Extracted records:

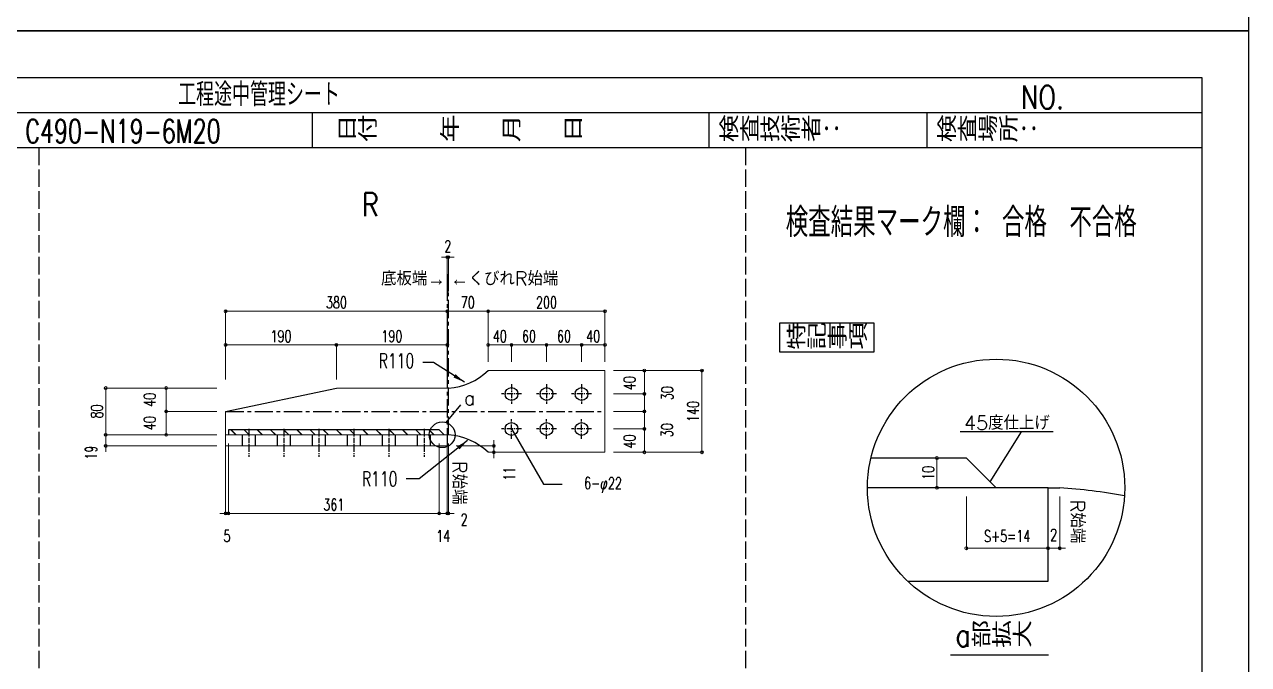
# Model space of a CAD drawing. Header units: millimetres. Extents: x -11384 to 29624, y 0 to 17788.
# Drawn here: x 4631 to 6728, y 6042 to 7139 of the extents above; entities that cross this region are included whole.
import ezdxf
from ezdxf.enums import TextEntityAlignment as Align

# ---------------------------------------------------------------- set-up
doc = ezdxf.new("R2010")
doc.units = ezdxf.units.MM
doc.header["$LTSCALE"] = 5
for name, pattern in [('ACAD_ISO03W100', [30, 12, -18]), ('CENTER1', [10, 6.25, -1.25, 1.25, -1.25]), ('DASHED', [7.5, 6, -1.5]), ('JIS_08_50', [53, 50, -1.125, 0.75, -1.125])]:
    doc.linetypes.add(name, pattern=pattern)
doc.layers.get('0').update_dxf_attribs({"color": 255})
doc.layers.get('DEFPOINTS').update_dxf_attribs({"color": 255})
for name, color, linetype in [('CENTER', 2, 'JIS_08_50'), ('LAYER6', 7, 'Continuous'), ('寸法', 4, 'Continuous'), ('溶接', 241, 'Continuous'), ('補助線', 7, 'ACAD_ISO03W100'), ('金物', 142, 'Continuous')]:
    doc.layers.add(name, color=color, linetype=linetype)
doc.styles.add('KANJI', font='simplex.shx', dxfattribs={"width": 0.7, "bigfont": 'extfont2.shx'})
doc.styles.get("Standard").update_dxf_attribs({"font": 'simplex.shx', "width": 0.7, "height": 2.5, "bigfont": '@extfont2.shx'})
doc.styles.add('SUNPOU', font='simplex.shx', dxfattribs={"width": 0.7, "bigfont": 'extfont2.shx'})
doc.dimstyles.new('コピー(2) - Standard', dxfattribs={"dimtxt": 25, "dimasz": 20, "dimexe": 0.18, "dimexo": 0.0625, "dimgap": 15, "dimtad": 1, "dimdec": 0, "dimzin": 0, "dimdsep": 46, "dimtxsty": 'Standard', "dimblk": 'DOTSMALL', "dimcen": 0.09, "dimadec": 0, "dimazin": 0, "dimtfac": 1, "dimtdec": 0, "dimtofl": 0, "dimtmove": 0, "dimatfit": 3, "dimfxl": 0, "dimtolj": 1, "dimtzin": 0, "dimarcsym": 0})
doc.dimstyles.new('一般寸法-小さめ', dxfattribs={"dimscale": 10, "dimtxt": 2, "dimasz": 0.5, "dimexe": 0.125, "dimexo": 1.5, "dimgap": 0.5, "dimtad": 1, "dimtxsty": 'KANJI', "dimblk": 'ORIGIN', "dimcen": 0, "dimclrd": 256, "dimclre": 256, "dimclrt": 256, "dimadec": 0, "dimazin": 0, "dimtfac": 1, "dimtmove": 2, "dimatfit": 2, "dimfxl": 0, "dimtolj": 2, "dimlwd": 5, "dimlwe": 5, "dimarcsym": 0})

# ---------------------------------------------------------------- blocks, each defined once
blk = doc.blocks.new('_Origin')
at = {"color": 0, "linetype": 'ByBlock', "lineweight": -2}
blk.add_line((0, 0), (-1, 0), dxfattribs=at)
blk.add_circle((0, 0), 0.5, dxfattribs=at)
blk = doc.blocks.new('*D621')
at = {"layer": 'DEFPOINTS', "color": 0, "ltscale": 4, "transparency": 16777216}
for p in [(6244.5, 6344.9), (6384.5, 6344.9), (6384.5, 6241.2)]:
    blk.add_point(p, dxfattribs=at)
at = {"layer": '寸法', "lineweight": 5, "ltscale": 4, "transparency": 16777216}
for p, q in [((6244.5, 6329.9), (6244.5, 6239.9)), ((6384.5, 6329.9), (6384.5, 6239.9)), ((6249.5, 6241.2), (6379.5, 6241.2))]:
    blk.add_line(p, q, dxfattribs=at)
at = {"layer": '寸法', "lineweight": 5, "ltscale": 4, "transparency": 16777216, "xscale": 5, "yscale": 5, "zscale": 5, "rotation": 180}
blk.add_blockref('_Origin', (6244.5, 6241.2), dxfattribs=at)
at = {"layer": '寸法', "lineweight": 5, "ltscale": 4, "transparency": 16777216, "xscale": 5, "yscale": 5, "zscale": 5}
blk.add_blockref('_Origin', (6384.5, 6241.2), dxfattribs=at)
at = {"layer": '寸法', "ltscale": 4, "transparency": 16777216, "insert": (6314.5, 6262), "char_height": 20, "attachment_point": 5, "style": 'KANJI'}
blk.add_mtext('\\A2;S+5=14', dxfattribs=at)
blk = doc.blocks.new('*D622')
at = {"layer": 'DEFPOINTS', "color": 0, "ltscale": 4, "transparency": 16777216}
for p in [(6384.5, 6344.9), (6404.5, 6344.9), (6404.5, 6241.2)]:
    blk.add_point(p, dxfattribs=at)
at = {"layer": '寸法', "lineweight": 5, "ltscale": 4, "transparency": 16777216}
for p, q in [((6384.5, 6329.9), (6384.5, 6239.9)), ((6404.5, 6329.9), (6404.5, 6239.9)), ((6379.5, 6241.2), (6374.5, 6241.2)), ((6384.5, 6241.2), (6404.5, 6241.2)), ((6409.5, 6241.2), (6414.5, 6241.2))]:
    blk.add_line(p, q, dxfattribs=at)
at = {"layer": '寸法', "lineweight": 5, "ltscale": 4, "transparency": 16777216, "xscale": 5, "yscale": 5, "zscale": 5}
blk.add_blockref('_Origin', (6384.5, 6241.2), dxfattribs=at)
at = {"layer": '寸法', "lineweight": 5, "ltscale": 4, "transparency": 16777216, "xscale": 5, "yscale": 5, "zscale": 5, "rotation": 180}
blk.add_blockref('_Origin', (6404.5, 6241.2), dxfattribs=at)
at = {"layer": '寸法', "ltscale": 4, "transparency": 16777216, "insert": (6394.1, 6264.2), "char_height": 20, "attachment_point": 5, "style": 'KANJI'}
blk.add_mtext('\\A2;2', dxfattribs=at)
blk = doc.blocks.new('*D650')
at = {"layer": 'DEFPOINTS', "color": 0, "transparency": 16777216}
for p in [(5625.1, 6545.7), (5791.3, 6545.7), (5625.1, 6405.7)]:
    blk.add_point(p, dxfattribs=at)
at = {"layer": '寸法', "lineweight": 5, "transparency": 16777216}
for p, q in [((5640.1, 6545.7), (5792.5, 6545.7)), ((5791.3, 6410.7), (5791.3, 6540.7)), ((5640.1, 6405.7), (5792.5, 6405.7))]:
    blk.add_line(p, q, dxfattribs=at)
at = {"layer": '寸法', "lineweight": 5, "transparency": 16777216, "xscale": 5, "yscale": 5, "zscale": 5}
for p, rotation in [((5791.3, 6545.7), 90), ((5791.3, 6405.7), 270)]:
    blk.add_blockref('_Origin', p, dxfattribs=dict(at, rotation=rotation))
at = {"layer": '寸法', "transparency": 16777216, "insert": (5776.3, 6475.7), "char_height": 20, "attachment_point": 5, "rotation": 90, "style": 'KANJI'}
blk.add_mtext('\\A2;140', dxfattribs=at)
blk = doc.blocks.new('*D674')
at = {"layer": 'DEFPOINTS', "color": 0, "transparency": 16777216}
for p in [(4769.7, 6515.7), (4975.1, 6515.7), (4975.1, 6435.7)]:
    blk.add_point(p, dxfattribs=at)
at = {"layer": '寸法', "lineweight": 5, "transparency": 16777216}
for p, q in [((4960.1, 6515.7), (4768.5, 6515.7)), ((4769.7, 6440.7), (4769.7, 6510.7)), ((4960.1, 6435.7), (4768.5, 6435.7))]:
    blk.add_line(p, q, dxfattribs=at)
at = {"layer": '寸法', "lineweight": 5, "transparency": 16777216, "xscale": 5, "yscale": 5, "zscale": 5}
for p, rotation in [((4769.7, 6515.7), 90), ((4769.7, 6435.7), 270)]:
    blk.add_blockref('_Origin', p, dxfattribs=dict(at, rotation=rotation))
at = {"layer": '寸法', "transparency": 16777216, "insert": (4754.7, 6475.7), "char_height": 20, "attachment_point": 5, "rotation": 90, "style": 'KANJI'}
blk.add_mtext('\\A2;80', dxfattribs=at)
blk = doc.blocks.new('*D675')
at = {"layer": 'DEFPOINTS', "color": 0, "transparency": 16777216}
for p in [(4769.7, 6435.7), (4975.1, 6435.7), (4975.1, 6416.7)]:
    blk.add_point(p, dxfattribs=at)
at = {"layer": '寸法', "lineweight": 5, "transparency": 16777216}
for p, q in [((4769.7, 6440.7), (4769.7, 6445.7)), ((4960.1, 6435.7), (4768.5, 6435.7)), ((4769.7, 6416.7), (4769.7, 6435.7)), ((4960.1, 6416.7), (4768.5, 6416.7)), ((4769.7, 6411.7), (4769.7, 6406.7))]:
    blk.add_line(p, q, dxfattribs=at)
at = {"layer": '寸法', "lineweight": 5, "transparency": 16777216, "xscale": 5, "yscale": 5, "zscale": 5}
for p, rotation in [((4769.7, 6435.7), 270), ((4769.7, 6416.7), 90)]:
    blk.add_blockref('_Origin', p, dxfattribs=dict(at, rotation=rotation))
at = {"layer": '寸法', "transparency": 16777216, "insert": (4744.7, 6405), "char_height": 20, "attachment_point": 5, "rotation": 90, "style": 'KANJI'}
blk.add_mtext('\\A2;19', dxfattribs=at)
blk = doc.blocks.new('*D651')
at = {"layer": 'DEFPOINTS', "color": 0, "transparency": 16777216}
for p in [(5355.1, 6647.5), (4975.1, 6515.7), (5355.1, 6515.7)]:
    blk.add_point(p, dxfattribs=at)
at = {"layer": '寸法', "lineweight": 5, "transparency": 16777216}
for p, q in [((4975.1, 6530.7), (4975.1, 6648.8)), ((4980.1, 6647.5), (5350.1, 6647.5)), ((5355.1, 6530.7), (5355.1, 6648.8))]:
    blk.add_line(p, q, dxfattribs=at)
at = {"layer": '寸法', "lineweight": 5, "transparency": 16777216, "xscale": 5, "yscale": 5, "zscale": 5, "rotation": 180}
blk.add_blockref('_Origin', (4975.1, 6647.5), dxfattribs=at)
at = {"layer": '寸法', "lineweight": 5, "transparency": 16777216, "xscale": 5, "yscale": 5, "zscale": 5}
blk.add_blockref('_Origin', (5355.1, 6647.5), dxfattribs=at)
at = {"layer": '寸法', "transparency": 16777216, "insert": (5165.1, 6662.5), "char_height": 20, "attachment_point": 5, "style": 'KANJI'}
blk.add_mtext('\\A2;380', dxfattribs=at)
blk = doc.blocks.new('*D652')
at = {"layer": 'DEFPOINTS', "color": 0, "transparency": 16777216}
for p in [(5355.1, 6647.5), (5425.1, 6545.7), (5355.1, 6515.7)]:
    blk.add_point(p, dxfattribs=at)
at = {"layer": '寸法', "lineweight": 5, "transparency": 16777216}
for p, q in [((5355.1, 6530.7), (5355.1, 6648.8)), ((5420.1, 6647.5), (5360.1, 6647.5)), ((5425.1, 6560.7), (5425.1, 6648.8))]:
    blk.add_line(p, q, dxfattribs=at)
at = {"layer": '寸法', "lineweight": 5, "transparency": 16777216, "xscale": 5, "yscale": 5, "zscale": 5, "rotation": 180}
blk.add_blockref('_Origin', (5355.1, 6647.5), dxfattribs=at)
at = {"layer": '寸法', "lineweight": 5, "transparency": 16777216, "xscale": 5, "yscale": 5, "zscale": 5}
blk.add_blockref('_Origin', (5425.1, 6647.5), dxfattribs=at)
at = {"layer": '寸法', "transparency": 16777216, "insert": (5390.1, 6662.5), "char_height": 20, "attachment_point": 5, "style": 'KANJI'}
blk.add_mtext('\\A2;70', dxfattribs=at)
blk = doc.blocks.new('*D676')
at = {"layer": 'DEFPOINTS', "color": 0, "transparency": 16777216}
for p in [(5625.1, 6647.5), (5425.1, 6545.7), (5625.1, 6545.7)]:
    blk.add_point(p, dxfattribs=at)
at = {"layer": '寸法', "lineweight": 5, "transparency": 16777216}
for p, q in [((5425.1, 6560.7), (5425.1, 6648.8)), ((5430.1, 6647.5), (5620.1, 6647.5)), ((5625.1, 6560.7), (5625.1, 6648.8))]:
    blk.add_line(p, q, dxfattribs=at)
at = {"layer": '寸法', "lineweight": 5, "transparency": 16777216, "xscale": 5, "yscale": 5, "zscale": 5, "rotation": 180}
blk.add_blockref('_Origin', (5425.1, 6647.5), dxfattribs=at)
at = {"layer": '寸法', "lineweight": 5, "transparency": 16777216, "xscale": 5, "yscale": 5, "zscale": 5}
blk.add_blockref('_Origin', (5625.1, 6647.5), dxfattribs=at)
at = {"layer": '寸法', "transparency": 16777216, "insert": (5525.1, 6662.5), "char_height": 20, "attachment_point": 5, "style": 'KANJI'}
blk.add_mtext('\\A2;200', dxfattribs=at)
blk = doc.blocks.new('*D653')
at = {"layer": 'DEFPOINTS', "color": 0, "transparency": 16777216}
for p in [(5625.1, 6545.7), (5625.1, 6505.7), (5692.8, 6505.7)]:
    blk.add_point(p, dxfattribs=at)
at = {"layer": '寸法', "lineweight": 5, "transparency": 16777216}
for p, q in [((5640.1, 6545.7), (5694, 6545.7)), ((5692.8, 6540.7), (5692.8, 6510.7)), ((5640.1, 6505.7), (5694, 6505.7))]:
    blk.add_line(p, q, dxfattribs=at)
at = {"layer": '寸法', "lineweight": 5, "transparency": 16777216, "xscale": 5, "yscale": 5, "zscale": 5}
for p, rotation in [((5692.8, 6545.7), 90), ((5692.8, 6505.7), 270)]:
    blk.add_blockref('_Origin', p, dxfattribs=dict(at, rotation=rotation))
at = {"layer": '寸法', "transparency": 16777216, "insert": (5667.4, 6524.2), "char_height": 20, "attachment_point": 5, "rotation": 90, "style": 'KANJI'}
blk.add_mtext('\\A2;40', dxfattribs=at)
blk = doc.blocks.new('*D654')
at = {"layer": 'DEFPOINTS', "color": 0, "transparency": 16777216}
for p in [(5625.1, 6445.7), (5625.1, 6405.7), (5692.8, 6405.7)]:
    blk.add_point(p, dxfattribs=at)
at = {"layer": '寸法', "lineweight": 5, "transparency": 16777216}
for p, q in [((5640.1, 6445.7), (5694, 6445.7)), ((5692.8, 6440.7), (5692.8, 6410.7)), ((5640.1, 6405.7), (5694, 6405.7))]:
    blk.add_line(p, q, dxfattribs=at)
at = {"layer": '寸法', "lineweight": 5, "transparency": 16777216, "xscale": 5, "yscale": 5, "zscale": 5}
for p, rotation in [((5692.8, 6445.7), 90), ((5692.8, 6405.7), 270)]:
    blk.add_blockref('_Origin', p, dxfattribs=dict(at, rotation=rotation))
at = {"layer": '寸法', "transparency": 16777216, "insert": (5667.4, 6424.2), "char_height": 20, "attachment_point": 5, "rotation": 90, "style": 'KANJI'}
blk.add_mtext('\\A2;40', dxfattribs=at)
blk = doc.blocks.new('*D661')
at = {"layer": 'DEFPOINTS', "color": 0, "transparency": 16777216}
for p in [(4873.3, 6475.7), (4975.1, 6475.7), (4975.1, 6435.7)]:
    blk.add_point(p, dxfattribs=at)
at = {"layer": '寸法', "lineweight": 5, "transparency": 16777216}
for p, q in [((4960.1, 6475.7), (4872.1, 6475.7)), ((4873.3, 6440.7), (4873.3, 6470.7)), ((4960.1, 6435.7), (4872.1, 6435.7))]:
    blk.add_line(p, q, dxfattribs=at)
at = {"layer": '寸法', "lineweight": 5, "transparency": 16777216, "xscale": 5, "yscale": 5, "zscale": 5}
for p, rotation in [((4873.3, 6475.7), 90), ((4873.3, 6435.7), 270)]:
    blk.add_blockref('_Origin', p, dxfattribs=dict(at, rotation=rotation))
at = {"layer": '寸法', "transparency": 16777216, "insert": (4845.2, 6455.7), "char_height": 20, "attachment_point": 5, "rotation": 90, "style": 'KANJI'}
blk.add_mtext('\\A2;40', dxfattribs=at)
blk = doc.blocks.new('*D662')
at = {"layer": 'DEFPOINTS', "color": 0, "transparency": 16777216}
for p in [(4873.3, 6515.7), (4975.1, 6515.7), (4975.1, 6475.7)]:
    blk.add_point(p, dxfattribs=at)
at = {"layer": '寸法', "lineweight": 5, "transparency": 16777216}
for p, q in [((4960.1, 6515.7), (4872.1, 6515.7)), ((4873.3, 6480.7), (4873.3, 6510.7)), ((4960.1, 6475.7), (4872.1, 6475.7))]:
    blk.add_line(p, q, dxfattribs=at)
at = {"layer": '寸法', "lineweight": 5, "transparency": 16777216, "xscale": 5, "yscale": 5, "zscale": 5}
for p, rotation in [((4873.3, 6515.7), 90), ((4873.3, 6475.7), 270)]:
    blk.add_blockref('_Origin', p, dxfattribs=dict(at, rotation=rotation))
at = {"layer": '寸法', "transparency": 16777216, "insert": (4845.2, 6495.7), "char_height": 20, "attachment_point": 5, "rotation": 90, "style": 'KANJI'}
blk.add_mtext('\\A2;40', dxfattribs=at)
blk = doc.blocks.new('*D679')
at = {"layer": 'DEFPOINTS', "color": 0, "transparency": 16777216}
for p in [(5355.1, 6416.7), (5425.1, 6405.7), (5434.8, 6405.7)]:
    blk.add_point(p, dxfattribs=at)
at = {"layer": '寸法', "lineweight": 5, "transparency": 16777216}
for p, q in [((5434.8, 6421.7), (5434.8, 6426.7)), ((5370.1, 6416.7), (5436, 6416.7)), ((5434.8, 6416.7), (5434.8, 6405.7)), ((5434.8, 6400.7), (5434.8, 6395.7)), ((5440.1, 6405.7), (5436, 6405.7))]:
    blk.add_line(p, q, dxfattribs=at)
at = {"layer": '寸法', "lineweight": 5, "transparency": 16777216, "xscale": 5, "yscale": 5, "zscale": 5}
for p, rotation in [((5434.8, 6416.7), 270), ((5434.8, 6405.7), 90)]:
    blk.add_blockref('_Origin', p, dxfattribs=dict(at, rotation=rotation))
at = {"layer": '寸法', "transparency": 16777216, "insert": (5461.5, 6369.3), "char_height": 20, "attachment_point": 5, "rotation": 90, "style": 'KANJI'}
blk.add_mtext('\\A2;11', dxfattribs=at)
blk = doc.blocks.new('*D666')
at = {"layer": 'DEFPOINTS', "color": 0, "transparency": 16777216}
for p in [(5525.1, 6589.7), (5465.1, 6545.7), (5525.1, 6545.7)]:
    blk.add_point(p, dxfattribs=at)
at = {"layer": '寸法', "lineweight": 5, "transparency": 16777216}
for p, q in [((5465.1, 6560.7), (5465.1, 6591)), ((5470.1, 6589.7), (5520.1, 6589.7)), ((5525.1, 6560.7), (5525.1, 6591))]:
    blk.add_line(p, q, dxfattribs=at)
at = {"layer": '寸法', "lineweight": 5, "transparency": 16777216, "xscale": 5, "yscale": 5, "zscale": 5, "rotation": 180}
blk.add_blockref('_Origin', (5465.1, 6589.7), dxfattribs=at)
at = {"layer": '寸法', "lineweight": 5, "transparency": 16777216, "xscale": 5, "yscale": 5, "zscale": 5}
blk.add_blockref('_Origin', (5525.1, 6589.7), dxfattribs=at)
at = {"layer": '寸法', "transparency": 16777216, "insert": (5495.1, 6604.7), "char_height": 20, "attachment_point": 5, "style": 'KANJI'}
blk.add_mtext('\\A2;60', dxfattribs=at)
blk = doc.blocks.new('_DotSmall')
at = {"color": 0, "linetype": 'ByBlock', "const_width": 0.5}
blk.add_lwpolyline([(-0.0625, 0, 1), (0.0625, 0, 1)], format="xyb", close=True, dxfattribs=at)
blk = doc.blocks.new('*D667')
at = {"layer": 'DEFPOINTS', "color": 0, "transparency": 16777216}
for p in [(5165.1, 6589.7), (4975.1, 6515.7), (5165.1, 6515.7)]:
    blk.add_point(p, dxfattribs=at)
at = {"layer": '寸法', "lineweight": 5, "transparency": 16777216}
for p, q in [((4975.1, 6530.7), (4975.1, 6591)), ((4980.1, 6589.7), (5160.1, 6589.7)), ((5165.1, 6530.7), (5165.1, 6591))]:
    blk.add_line(p, q, dxfattribs=at)
at = {"layer": '寸法', "lineweight": 5, "transparency": 16777216, "xscale": 5, "yscale": 5, "zscale": 5, "rotation": 180}
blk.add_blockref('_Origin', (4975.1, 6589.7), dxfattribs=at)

WORK ITEM »
Pull every line containing the word "pattern" out of the entries above.

EXERCISE RESULT »
for name, pattern in [('ACAD_ISO03W100', [30, 12, -18]), ('CENTER1', [10, 6.25, -1.25, 1.25, -1.25]), ('DASHED', [7.5, 6, -1.5]), ('JIS_08_50', [53, 50, -1.125, 0.75, -1.125])]:
    doc.linetypes.add(name, pattern=pattern)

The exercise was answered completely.